API: what should a 2D indexing operation into a 1D Index do? (eg idx[:, None]) · Issue #27837 · pandas-dev/pandas (original) (raw)

Follow-up on #27775 and #27818.

Short recap of what those issues were about:

Currently, indexing into an Index with a 2D (or multiple D) indexer results in an "invalid" Index with an underlying ndarray:

In [1]: idx = pd.Index([1, 2, 3])  

In [2]: idx2 = idx[:, None] 

In [3]: idx2
Out[3]: Int64Index([1, 2, 3], dtype='int64')

In [4]: idx2.values
Out[4]: 
array([[1],
       [2],
       [3]])

So from the repr it looks like a proper index, but the underlying values of an Index should always be 1D (such an invalid index will also lead to errors once you do operations on them).

Before pandas 0.25.0, the shape attribute of the index "correctly" returned the shape of the underlying values: (3, 1), but in 0.25.0 this was changed to (3,) (only checking the length). This caused a regression matplotlib (#27775), and will be "fixed" in 0.25.1 returning again the 2D shape of the underlying values (#27818). Of course, this is only about the shape attribute, while the root cause is this invalid Index.

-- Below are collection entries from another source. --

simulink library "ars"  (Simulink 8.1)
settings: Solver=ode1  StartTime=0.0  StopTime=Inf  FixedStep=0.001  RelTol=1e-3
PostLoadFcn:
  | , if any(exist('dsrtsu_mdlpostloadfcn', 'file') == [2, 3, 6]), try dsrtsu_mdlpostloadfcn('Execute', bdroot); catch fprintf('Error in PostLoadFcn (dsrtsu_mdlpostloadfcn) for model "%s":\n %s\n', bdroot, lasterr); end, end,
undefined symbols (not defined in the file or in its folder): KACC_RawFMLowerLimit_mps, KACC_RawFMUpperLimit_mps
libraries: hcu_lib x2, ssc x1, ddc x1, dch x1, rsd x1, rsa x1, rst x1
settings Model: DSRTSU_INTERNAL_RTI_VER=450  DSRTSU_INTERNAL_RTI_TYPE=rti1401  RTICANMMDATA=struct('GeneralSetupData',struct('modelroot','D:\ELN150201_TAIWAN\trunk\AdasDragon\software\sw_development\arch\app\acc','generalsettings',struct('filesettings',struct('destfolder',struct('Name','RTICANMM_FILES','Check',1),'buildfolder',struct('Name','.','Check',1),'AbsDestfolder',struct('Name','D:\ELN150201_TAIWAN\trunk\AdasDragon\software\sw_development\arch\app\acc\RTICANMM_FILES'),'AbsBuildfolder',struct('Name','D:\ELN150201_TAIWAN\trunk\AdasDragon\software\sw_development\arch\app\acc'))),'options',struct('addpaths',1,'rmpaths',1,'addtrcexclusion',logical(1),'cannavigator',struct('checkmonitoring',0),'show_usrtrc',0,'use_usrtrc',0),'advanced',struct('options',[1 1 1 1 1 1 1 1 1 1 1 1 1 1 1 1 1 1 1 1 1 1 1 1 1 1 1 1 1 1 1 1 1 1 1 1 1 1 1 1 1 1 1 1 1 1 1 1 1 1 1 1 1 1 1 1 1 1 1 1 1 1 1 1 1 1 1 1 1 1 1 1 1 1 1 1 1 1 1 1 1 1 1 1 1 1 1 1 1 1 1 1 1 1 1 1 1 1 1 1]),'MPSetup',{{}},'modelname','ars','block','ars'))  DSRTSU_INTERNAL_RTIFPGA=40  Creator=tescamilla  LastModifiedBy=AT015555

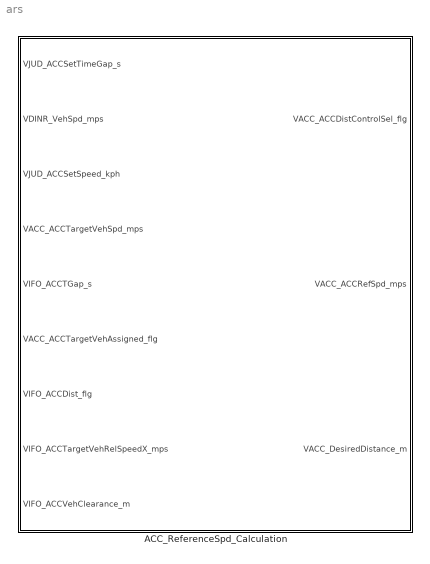
== system ars ==
  ACC_ReferenceSpd_Calculation : Subsystem

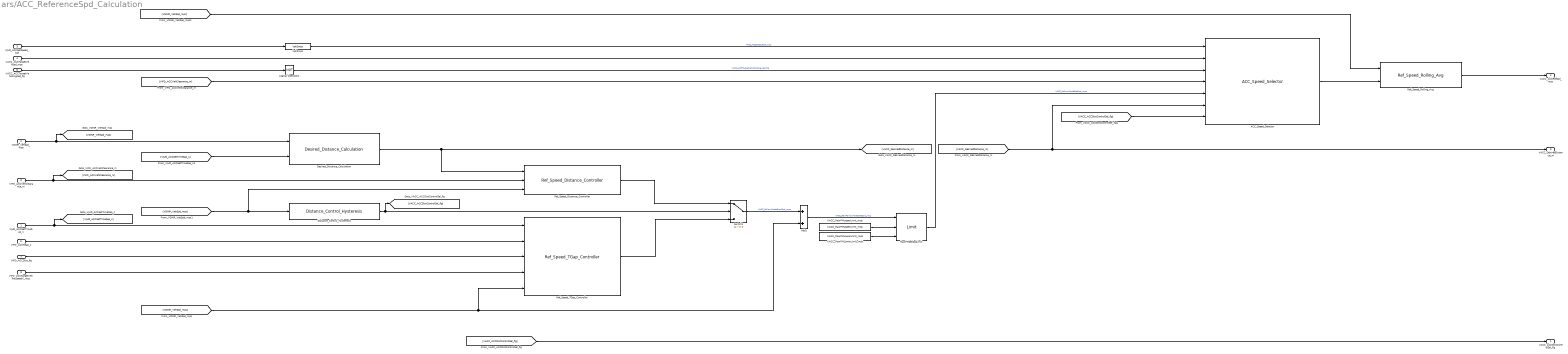
== system ars/ACC_ReferenceSpd_Calculation ==
  VJUD_ACCSetTimeGap_s : Inport
  VDINR_VehSpd_mps : Inport  Port=2
  VJUD_ACCSetSpeed_kph : Inport  Port=3
  VACC_ACCTargetVehSpd_mps : Inport  Port=4
  VIFO_ACCTGap_s : Inport  Port=5
  VACC_ACCTargetVehAssigned_flg : Inport  Port=6
  VIFO_ACCDist_flg : Inport  Port=7
  VIFO_ACCTargetVehRelSpeedX_mps : Inport  Port=8
  VIFO_ACCVehClearance_m : Inport  Port=9
  ACC_Speed_Selector : ssc/ACC_Speed_Selector
  Add1 : Sum
  Desired_Distance_Calculation : ddc/Desired_Distance_Calculation
  Distance_Control_Hysteresis : dch/Distance_Control_Hysteresis
  KACC_RawFMLowerLimit_mps : Constant  Value=KACC_RawFMLowerLimit_mps
  KACC_RawFMUpperLimit_mps : Constant  Value=KACC_RawFMUpperLimit_mps
  Logical Operator1 : Logic  Operator=NOT  AllPortsSameDT=off  OutDataTypeStr=boolean
  RawFMSetSpdLimit : hcu_lib/Limit  SystemSampleTime=-1
  Ref_Speed_Distance_Controller : rsd/Ref_Speed_Distance_Controller
  Ref_Speed_Rolling_Avg : rsa/Ref_Speed_Rolling_Avg
  Ref_Speed_TGap_Controller : rst/Ref_Speed_TGap_Controller
  Switch1 : Switch  Criteria=u2 ~= 0
  kph2mps : hcu_lib/kph2mps
  VACC_ACCDistControlSel_flg : Outport
  VACC_ACCRefSpd_mps : Outport  Port=2
  VACC_DesiredDistance_m : Outport  Port=3
  wires:
  Desired_Distance_Calculation/1 -> Ref_Speed_Distance_Controller/1, [VACC_DesiredDistance_m]
  Logical Operator1/1 -> ACC_Speed_Selector/3  "VACC_ACCTargetVehNotAssigned_flg"
  VACC_ACCTargetVehSpd_mps/1 -> ACC_Speed_Selector/2
  Ref_Speed_Rolling_Avg/1 -> VACC_ACCRefSpd_mps/1
  kph2mps/1 -> ACC_Speed_Selector/1  "VACC_ACCSetSpeed_mps"
  [VACC_DesiredDistance_m] -> VACC_DesiredDistance_m/1, ACC_Speed_Selector/6
  RawFMSetSpdLimit/1 -> ACC_Speed_Selector/5  "VACC_FollowModeSetSpd_mps"
  VJUD_ACCSetSpeed_kph/1 -> kph2mps/1
  VACC_ACCTargetVehAssigned_flg/1 -> Logical Operator1/1
  [VJUD_ACCSetTimeGap_s] -> Desired_Distance_Calculation/2
  Switch1/1 -> Add1/1  "VACC_FollowModeErrorSpd_mps"
  [VACC_ACCDistControlSel_flg] -> VACC_ACCDistControlSel_flg/1
  VIFO_ACCVehClearance_m/1 -> [VIFO_ACCVehClearance_m], Ref_Speed_Distance_Controller/2
  Ref_Speed_Distance_Controller/1 -> Switch1/1
  Ref_Speed_TGap_Controller/1 -> Switch1/3
  VJUD_ACCSetTimeGap_s/1 -> [VJUD_ACCSetTimeGap_s], Ref_Speed_TGap_Controller/1
  VIFO_ACCTGap_s/1 -> Ref_Speed_TGap_Controller/2
  VIFO_ACCDist_flg/1 -> Ref_Speed_TGap_Controller/3
  Distance_Control_Hysteresis/1 -> [VACC_ACCDistControlSel_flg], Switch1/2
  [VDINR_VehSpd_mps] -> Distance_Control_Hysteresis/1, Ref_Speed_Distance_Controller/3
  VIFO_ACCTargetVehRelSpeedX_mps/1 -> Ref_Speed_TGap_Controller/4
  Add1/1 -> RawFMSetSpdLimit/1  "VACC_RawFollowModeSetSpd_mps"
  KACC_RawFMUpperLimit_mps/1 -> RawFMSetSpdLimit/2
  KACC_RawFMLowerLimit_mps/1 -> RawFMSetSpdLimit/3
  VDINR_VehSpd_mps/1 -> [VDINR_VehSpd_mps], Desired_Distance_Calculation/1
  [VIFO_ACCVehClearance_m] -> ACC_Speed_Selector/4
  [VACC_ACCDistControlSel_flg] -> ACC_Speed_Selector/7
  ACC_Speed_Selector/1 -> Ref_Speed_Rolling_Avg/2
  [VDINR_VehSpd_mps] -> Ref_Speed_Rolling_Avg/1
  [VDINR_VehSpd_mps] -> Ref_Speed_TGap_Controller/5, Add1/2

I think it is clear that we should not allow such invalid Index object to exist.
I currently know of two ways to end up such situation:

Passing a multidimensional array to the Index constructor (e.g. pd.Index(np.random.randn(5, 5, 5)). I think this is something we can deprecate and raise for later, and there is already an issue for this: BUG: Index constructor should not allow an ndarray with ndim > 2 #27125
Indexing into an Index (e.g. idx[:, None] ) -> this issue

So let's use this issue to discuss what to do for this second way: a 2D indexing operation on a 1D object.

This is relevant for the Index, but we should probably try to have it consistent with Series as well.